Já ouviu falar em “alta na bolsa”? Saiba como as farmacêuticas tiveram essa ‘alta’ durante a pandemia

As empresas farmacêuticas que se dedicaram nas pesquisas e estudos da vacina contra a Covid-19, viram seus números até quintuplicar na bolsa de valores. Com valorizações bilionárias na bolsa de Nova York, a NYSE, as altas foram registradas desde o início da pandemia e chegaram ao auge com os bons resultados apresentados pelos testes das vacinas.
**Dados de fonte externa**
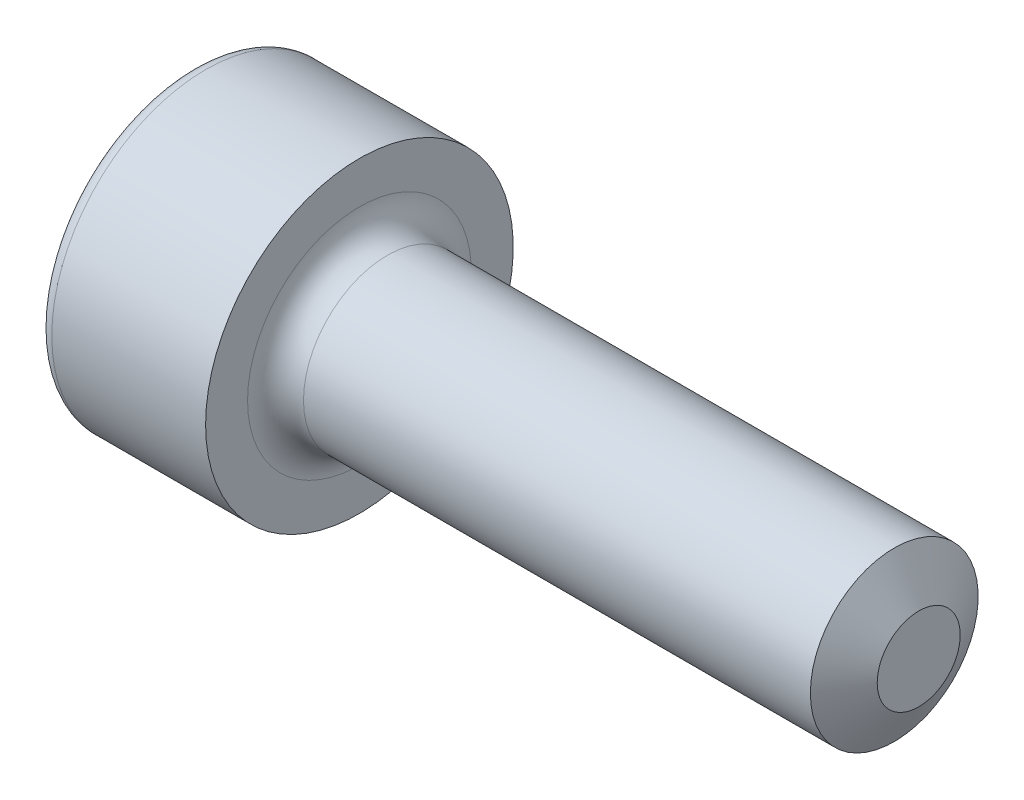
ISO-10303-21;
HEADER;
FILE_DESCRIPTION(('STEP AP214'),'2;1');
FILE_NAME('part.step','',(''),(''),'','','');
FILE_SCHEMA(('AUTOMOTIVE_DESIGN { 1 0 10303 214 1 1 1 1 }'));
ENDSEC;
DATA;
#1=APPLICATION_CONTEXT('core data for automotive mechanical design processes');
#2=APPLICATION_PROTOCOL_DEFINITION('international standard','automotive_design',2000,#1);
#3=PRODUCT_CONTEXT('',#1,'mechanical');
#4=PRODUCT('Part','Part','',(#3));
#5=PRODUCT_RELATED_PRODUCT_CATEGORY('part','',(#4));
#6=PRODUCT_DEFINITION_FORMATION('','',#4);
#7=PRODUCT_DEFINITION_CONTEXT('part definition',#1,'design');
#8=PRODUCT_DEFINITION('design','',#6,#7);
#9=PRODUCT_DEFINITION_SHAPE('','',#8);
#10=(LENGTH_UNIT() NAMED_UNIT(*) SI_UNIT(.MILLI.,.METRE.));
#11=(NAMED_UNIT(*) PLANE_ANGLE_UNIT() SI_UNIT($,.RADIAN.));
#12=(NAMED_UNIT(*) SI_UNIT($,.STERADIAN.) SOLID_ANGLE_UNIT());
#13=UNCERTAINTY_MEASURE_WITH_UNIT(LENGTH_MEASURE(1.E-05),#10,'distance_accuracy_value','');
#14=(GEOMETRIC_REPRESENTATION_CONTEXT(3) GLOBAL_UNCERTAINTY_ASSIGNED_CONTEXT((#13)) GLOBAL_UNIT_ASSIGNED_CONTEXT((#10,
#11,#12)) REPRESENTATION_CONTEXT('',''));
#15=CARTESIAN_POINT('',(0.,0.,0.));
#16=DIRECTION('',(0.,0.,1.));
#17=DIRECTION('',(1.,0.,0.));
#18=AXIS2_PLACEMENT_3D('',#15,#16,#17);
#19=CARTESIAN_POINT('',(0.,0.,0.));
#20=DIRECTION('',(-1.,0.,0.));
#21=DIRECTION('',(0.,0.,1.));
#22=AXIS2_PLACEMENT_3D('',#19,#20,#21);
#23=CYLINDRICAL_SURFACE('',#22,0.6);
#24=CARTESIAN_POINT('',(1.4,0.,0.));
#25=DIRECTION('',(-1.,0.,0.));
#26=DIRECTION('',(0.,0.,1.));
#27=AXIS2_PLACEMENT_3D('',#24,#25,#26);
#28=CIRCLE('',#27,0.6);
#29=CARTESIAN_POINT('',(1.4,0.,0.6));
#30=VERTEX_POINT('',#29);
#31=EDGE_CURVE('E117',#30,#30,#28,.T.);
#32=ORIENTED_EDGE('',*,*,#31,.F.);
#33=EDGE_LOOP('',(#32));
#34=FACE_BOUND('',#33,.T.);
#35=CARTESIAN_POINT('',(5.02500513340862,0.,0.));
#36=DIRECTION('',(-1.,0.,0.));
#37=DIRECTION('',(0.,0.,1.));
#38=AXIS2_PLACEMENT_3D('',#35,#36,#37);
#39=CIRCLE('',#38,0.6);
#40=CARTESIAN_POINT('',(5.02500513340862,0.,0.6));
#41=VERTEX_POINT('',#40);
#42=EDGE_CURVE('E299',#41,#41,#39,.T.);
#43=ORIENTED_EDGE('',*,*,#42,.T.);
#44=EDGE_LOOP('',(#43));
#45=FACE_BOUND('',#44,.T.);
#46=ADVANCED_FACE('F41',(#34,#45),#23,.T.);
#47=CARTESIAN_POINT('',(0.,0.,0.));
#48=DIRECTION('',(1.,0.,0.));
#49=DIRECTION('',(0.,0.,-1.));
#50=AXIS2_PLACEMENT_3D('',#47,#48,#49);
#51=PLANE('',#50);
#52=CARTESIAN_POINT('',(0.,0.,0.));
#53=DIRECTION('',(1.,0.,0.));
#54=DIRECTION('',(0.,0.,-1.));
#55=AXIS2_PLACEMENT_3D('',#52,#53,#54);
#56=CIRCLE('',#55,1.);
#57=CARTESIAN_POINT('',(0.,0.,-1.));
#58=VERTEX_POINT('',#57);
#59=EDGE_CURVE('E49',#58,#58,#56,.F.);
#60=ORIENTED_EDGE('',*,*,#59,.T.);
#61=EDGE_LOOP('',(#60));
#62=FACE_BOUND('',#61,.T.);
#63=DIRECTION('',(0.,0.866025403784439,-0.5));
#64=VECTOR('',#63,1.);
#65=CARTESIAN_POINT('',(0.,0.,0.675));
#66=LINE('',#65,#64);
#67=CARTESIAN_POINT('',(0.,0.,0.675));
#68=VERTEX_POINT('',#67);
#69=CARTESIAN_POINT('',(0.,0.584567147554496,0.3375));
#70=VERTEX_POINT('',#69);
#71=EDGE_CURVE('E332',#68,#70,#66,.T.);
#72=ORIENTED_EDGE('',*,*,#71,.F.);
#73=DIRECTION('',(0.,0.866025403784439,0.5));
#74=VECTOR('',#73,1.);
#75=CARTESIAN_POINT('',(0.,-0.584567147554496,0.3375));
#76=LINE('',#75,#74);
#77=CARTESIAN_POINT('',(0.,-0.584567147554496,0.3375));
#78=VERTEX_POINT('',#77);
#79=EDGE_CURVE('E56',#78,#68,#76,.T.);
#80=ORIENTED_EDGE('',*,*,#79,.F.);
#81=DIRECTION('',(0.,0.,1.));
#82=VECTOR('',#81,1.);
#83=CARTESIAN_POINT('',(0.,-0.584567147554496,-0.3375));
#84=LINE('',#83,#82);
#85=CARTESIAN_POINT('',(0.,-0.584567147554496,-0.3375));
#86=VERTEX_POINT('',#85);
#87=EDGE_CURVE('E92',#86,#78,#84,.T.);
#88=ORIENTED_EDGE('',*,*,#87,.F.);
#89=DIRECTION('',(0.,-0.866025403784439,0.5));
#90=VECTOR('',#89,1.);
#91=CARTESIAN_POINT('',(0.,0.,-0.675));
#92=LINE('',#91,#90);
#93=CARTESIAN_POINT('',(0.,0.,-0.675));
#94=VERTEX_POINT('',#93);
#95=EDGE_CURVE('E100',#94,#86,#92,.T.);
#96=ORIENTED_EDGE('',*,*,#95,.F.);
#97=DIRECTION('',(0.,-0.866025403784439,-0.5));
#98=VECTOR('',#97,1.);
#99=CARTESIAN_POINT('',(0.,0.584567147554496,-0.3375));
#100=LINE('',#99,#98);
#101=CARTESIAN_POINT('',(0.,0.584567147554496,-0.3375));
#102=VERTEX_POINT('',#101);
#103=EDGE_CURVE('E106',#102,#94,#100,.T.);
#104=ORIENTED_EDGE('',*,*,#103,.F.);
#105=DIRECTION('',(0.,0.,-1.));
#106=VECTOR('',#105,1.);
#107=CARTESIAN_POINT('',(0.,0.584567147554496,0.3375));
#108=LINE('',#107,#106);
#109=EDGE_CURVE('E335',#70,#102,#108,.T.);
#110=ORIENTED_EDGE('',*,*,#109,.F.);
#111=EDGE_LOOP('',(#72,#80,#88,#96,#104,#110));
#112=FACE_BOUND('',#111,.T.);
#113=ADVANCED_FACE('F109',(#62,#112),#51,.F.);
#114=CARTESIAN_POINT('',(0.,0.,0.));
#115=DIRECTION('',(-1.,0.,0.));
#116=DIRECTION('',(0.,0.,1.));
#117=AXIS2_PLACEMENT_3D('',#114,#115,#116);
#118=CYLINDRICAL_SURFACE('',#117,1.1);
#119=CARTESIAN_POINT('',(0.1,0.,0.));
#120=DIRECTION('',(1.,0.,0.));
#121=DIRECTION('',(0.,0.,-1.));
#122=AXIS2_PLACEMENT_3D('',#119,#120,#121);
#123=CIRCLE('',#122,1.1);
#124=CARTESIAN_POINT('',(0.1,0.,-1.1));
#125=VERTEX_POINT('',#124);
#126=EDGE_CURVE('E11',#125,#125,#123,.T.);
#127=ORIENTED_EDGE('',*,*,#126,.T.);
#128=EDGE_LOOP('',(#127));
#129=FACE_BOUND('',#128,.T.);
#130=CARTESIAN_POINT('',(1.2,0.,0.));
#131=DIRECTION('',(-1.,0.,0.));
#132=DIRECTION('',(0.,0.,1.));
#133=AXIS2_PLACEMENT_3D('',#130,#131,#132);
#134=CIRCLE('',#133,1.1);
#135=CARTESIAN_POINT('',(1.2,0.,1.1));
#136=VERTEX_POINT('',#135);
#137=EDGE_CURVE('E131',#136,#136,#134,.T.);
#138=ORIENTED_EDGE('',*,*,#137,.T.);
#139=EDGE_LOOP('',(#138));
#140=FACE_BOUND('',#139,.T.);
#141=ADVANCED_FACE('F154',(#129,#140),#118,.T.);
#142=CARTESIAN_POINT('',(1.2,1.1,0.));
#143=DIRECTION('',(-1.,0.,0.));
#144=DIRECTION('',(0.,0.,1.));
#145=AXIS2_PLACEMENT_3D('',#142,#143,#144);
#146=PLANE('',#145);
#147=ORIENTED_EDGE('',*,*,#137,.F.);
#148=EDGE_LOOP('',(#147));
#149=FACE_BOUND('',#148,.T.);
#150=CARTESIAN_POINT('',(1.2,0.,0.));
#151=DIRECTION('',(-1.,0.,0.));
#152=DIRECTION('',(0.,0.,1.));
#153=AXIS2_PLACEMENT_3D('',#150,#151,#152);
#154=CIRCLE('',#153,0.8);
#155=CARTESIAN_POINT('',(1.2,0.,0.8));
#156=VERTEX_POINT('',#155);
#157=EDGE_CURVE('E128',#156,#156,#154,.T.);
#158=ORIENTED_EDGE('',*,*,#157,.T.);
#159=EDGE_LOOP('',(#158));
#160=FACE_BOUND('',#159,.T.);
#161=ADVANCED_FACE('F163',(#149,#160),#146,.F.);
#162=CARTESIAN_POINT('',(1.4,0.,0.));
#163=DIRECTION('',(-1.,0.,0.));
#164=DIRECTION('',(0.,0.,1.));
#165=AXIS2_PLACEMENT_3D('',#162,#163,#164);
#166=TOROIDAL_SURFACE('',#165,0.8,0.2);
#167=ORIENTED_EDGE('',*,*,#157,.F.);
#168=EDGE_LOOP('',(#167));
#169=FACE_BOUND('',#168,.T.);
#170=ORIENTED_EDGE('',*,*,#31,.T.);
#171=EDGE_LOOP('',(#170));
#172=FACE_BOUND('',#171,.T.);
#173=ADVANCED_FACE('F159',(#169,#172),#166,.F.);
#174=CARTESIAN_POINT('',(0.7,-0.584567147554496,0.3375));
#175=DIRECTION('',(0.,-0.5,0.866025403784439));
#176=DIRECTION('',(0.,-0.866025403784439,-0.5));
#177=AXIS2_PLACEMENT_3D('',#174,#175,#176);
#178=PLANE('',#177);
#179=ORIENTED_EDGE('',*,*,#79,.T.);
#180=DIRECTION('',(-1.,0.,0.));
#181=VECTOR('',#180,1.);
#182=CARTESIAN_POINT('',(0.7,0.,0.675));
#183=LINE('',#182,#181);
#184=CARTESIAN_POINT('',(0.7,0.,0.675));
#185=VERTEX_POINT('',#184);
#186=EDGE_CURVE('E124',#185,#68,#183,.T.);
#187=ORIENTED_EDGE('',*,*,#186,.F.);
#188=DIRECTION('',(0.,0.866025403784439,0.5));
#189=VECTOR('',#188,1.);
#190=CARTESIAN_POINT('',(0.7,-0.584567147554496,0.3375));
#191=LINE('',#190,#189);
#192=CARTESIAN_POINT('',(0.7,-0.584567147554496,0.3375));
#193=VERTEX_POINT('',#192);
#194=EDGE_CURVE('E110',#193,#185,#191,.T.);
#195=ORIENTED_EDGE('',*,*,#194,.F.);
#196=DIRECTION('',(-1.,0.,0.));
#197=VECTOR('',#196,1.);
#198=CARTESIAN_POINT('',(0.7,-0.584567147554496,0.3375));
#199=LINE('',#198,#197);
#200=EDGE_CURVE('E96',#193,#78,#199,.T.);
#201=ORIENTED_EDGE('',*,*,#200,.T.);
#202=EDGE_LOOP('',(#179,#187,#195,#201));
#203=FACE_BOUND('',#202,.T.);
#204=ADVANCED_FACE('F162',(#203),#178,.F.);
#205=CARTESIAN_POINT('',(0.7,-0.584567147554496,-0.3375));
#206=DIRECTION('',(0.,-1.,0.));
#207=DIRECTION('',(0.,0.,-1.));
#208=AXIS2_PLACEMENT_3D('',#205,#206,#207);
#209=PLANE('',#208);
#210=ORIENTED_EDGE('',*,*,#87,.T.);
#211=ORIENTED_EDGE('',*,*,#200,.F.);
#212=DIRECTION('',(0.,0.,1.));
#213=VECTOR('',#212,1.);
#214=CARTESIAN_POINT('',(0.7,-0.584567147554496,-0.3375));
#215=LINE('',#214,#213);
#216=CARTESIAN_POINT('',(0.7,-0.584567147554496,-0.3375));
#217=VERTEX_POINT('',#216);
#218=EDGE_CURVE('E93',#217,#193,#215,.T.);
#219=ORIENTED_EDGE('',*,*,#218,.F.);
#220=DIRECTION('',(-1.,0.,0.));
#221=VECTOR('',#220,1.);
#222=CARTESIAN_POINT('',(0.7,-0.584567147554496,-0.3375));
#223=LINE('',#222,#221);
#224=EDGE_CURVE('E87',#217,#86,#223,.T.);
#225=ORIENTED_EDGE('',*,*,#224,.T.);
#226=EDGE_LOOP('',(#210,#211,#219,#225));
#227=FACE_BOUND('',#226,.T.);
#228=ADVANCED_FACE('F89',(#227),#209,.F.);
#229=CARTESIAN_POINT('',(0.7,0.,-0.675));
#230=DIRECTION('',(0.,-0.5,-0.866025403784439));
#231=DIRECTION('',(0.,0.866025403784439,-0.5));
#232=AXIS2_PLACEMENT_3D('',#229,#230,#231);
#233=PLANE('',#232);
#234=ORIENTED_EDGE('',*,*,#95,.T.);
#235=ORIENTED_EDGE('',*,*,#224,.F.);
#236=DIRECTION('',(0.,-0.866025403784439,0.5));
#237=VECTOR('',#236,1.);
#238=CARTESIAN_POINT('',(0.7,0.,-0.675));
#239=LINE('',#238,#237);
#240=CARTESIAN_POINT('',(0.7,0.,-0.675));
#241=VERTEX_POINT('',#240);
#242=EDGE_CURVE('E328',#241,#217,#239,.T.);
#243=ORIENTED_EDGE('',*,*,#242,.F.);
#244=DIRECTION('',(-1.,0.,0.));
#245=VECTOR('',#244,1.);
#246=CARTESIAN_POINT('',(0.7,0.,-0.675));
#247=LINE('',#246,#245);
#248=EDGE_CURVE('E97',#241,#94,#247,.T.);
#249=ORIENTED_EDGE('',*,*,#248,.T.);
#250=EDGE_LOOP('',(#234,#235,#243,#249));
#251=FACE_BOUND('',#250,.T.);
#252=ADVANCED_FACE('F101',(#251),#233,.F.);
#253=CARTESIAN_POINT('',(0.7,0.584567147554496,-0.3375));
#254=DIRECTION('',(0.,0.5,-0.866025403784439));
#255=DIRECTION('',(0.,0.866025403784439,0.5));
#256=AXIS2_PLACEMENT_3D('',#253,#254,#255);
#257=PLANE('',#256);
#258=ORIENTED_EDGE('',*,*,#103,.T.);
#259=ORIENTED_EDGE('',*,*,#248,.F.);
#260=DIRECTION('',(0.,-0.866025403784439,-0.5));
#261=VECTOR('',#260,1.);
#262=CARTESIAN_POINT('',(0.7,0.584567147554496,-0.3375));
#263=LINE('',#262,#261);
#264=CARTESIAN_POINT('',(0.7,0.584567147554496,-0.3375));
#265=VERTEX_POINT('',#264);
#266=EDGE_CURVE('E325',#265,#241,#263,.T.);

Apesar de muitas farmacêuticas ainda não terem concluído seus testes, a pandemia mostrou que é possível aumentar as cotações dessas empresas em milhões de dólares, mesmo sem ter comprovado a verdadeira eficácia de seus imunizantes. 

Quem investiu nas ações das principais farmacêuticas que pesquisaram e produziram a vacina, viram o ganho do acionista retornar de forma significativa.

Mas, de fato, o que significa ações? Ganho do acionista? Bolsa de valores? Entenda esses conceitos e veja como isso impacta na sua vida.

O que é bolsa de valores?

Pense na bolsa de valores como um ambiente de negociação, em que os investidores podem comprar ou vender títulos, ações e commodities emitidos pelas empresas, que podem ser empresas públicas, privadas ou mistas. 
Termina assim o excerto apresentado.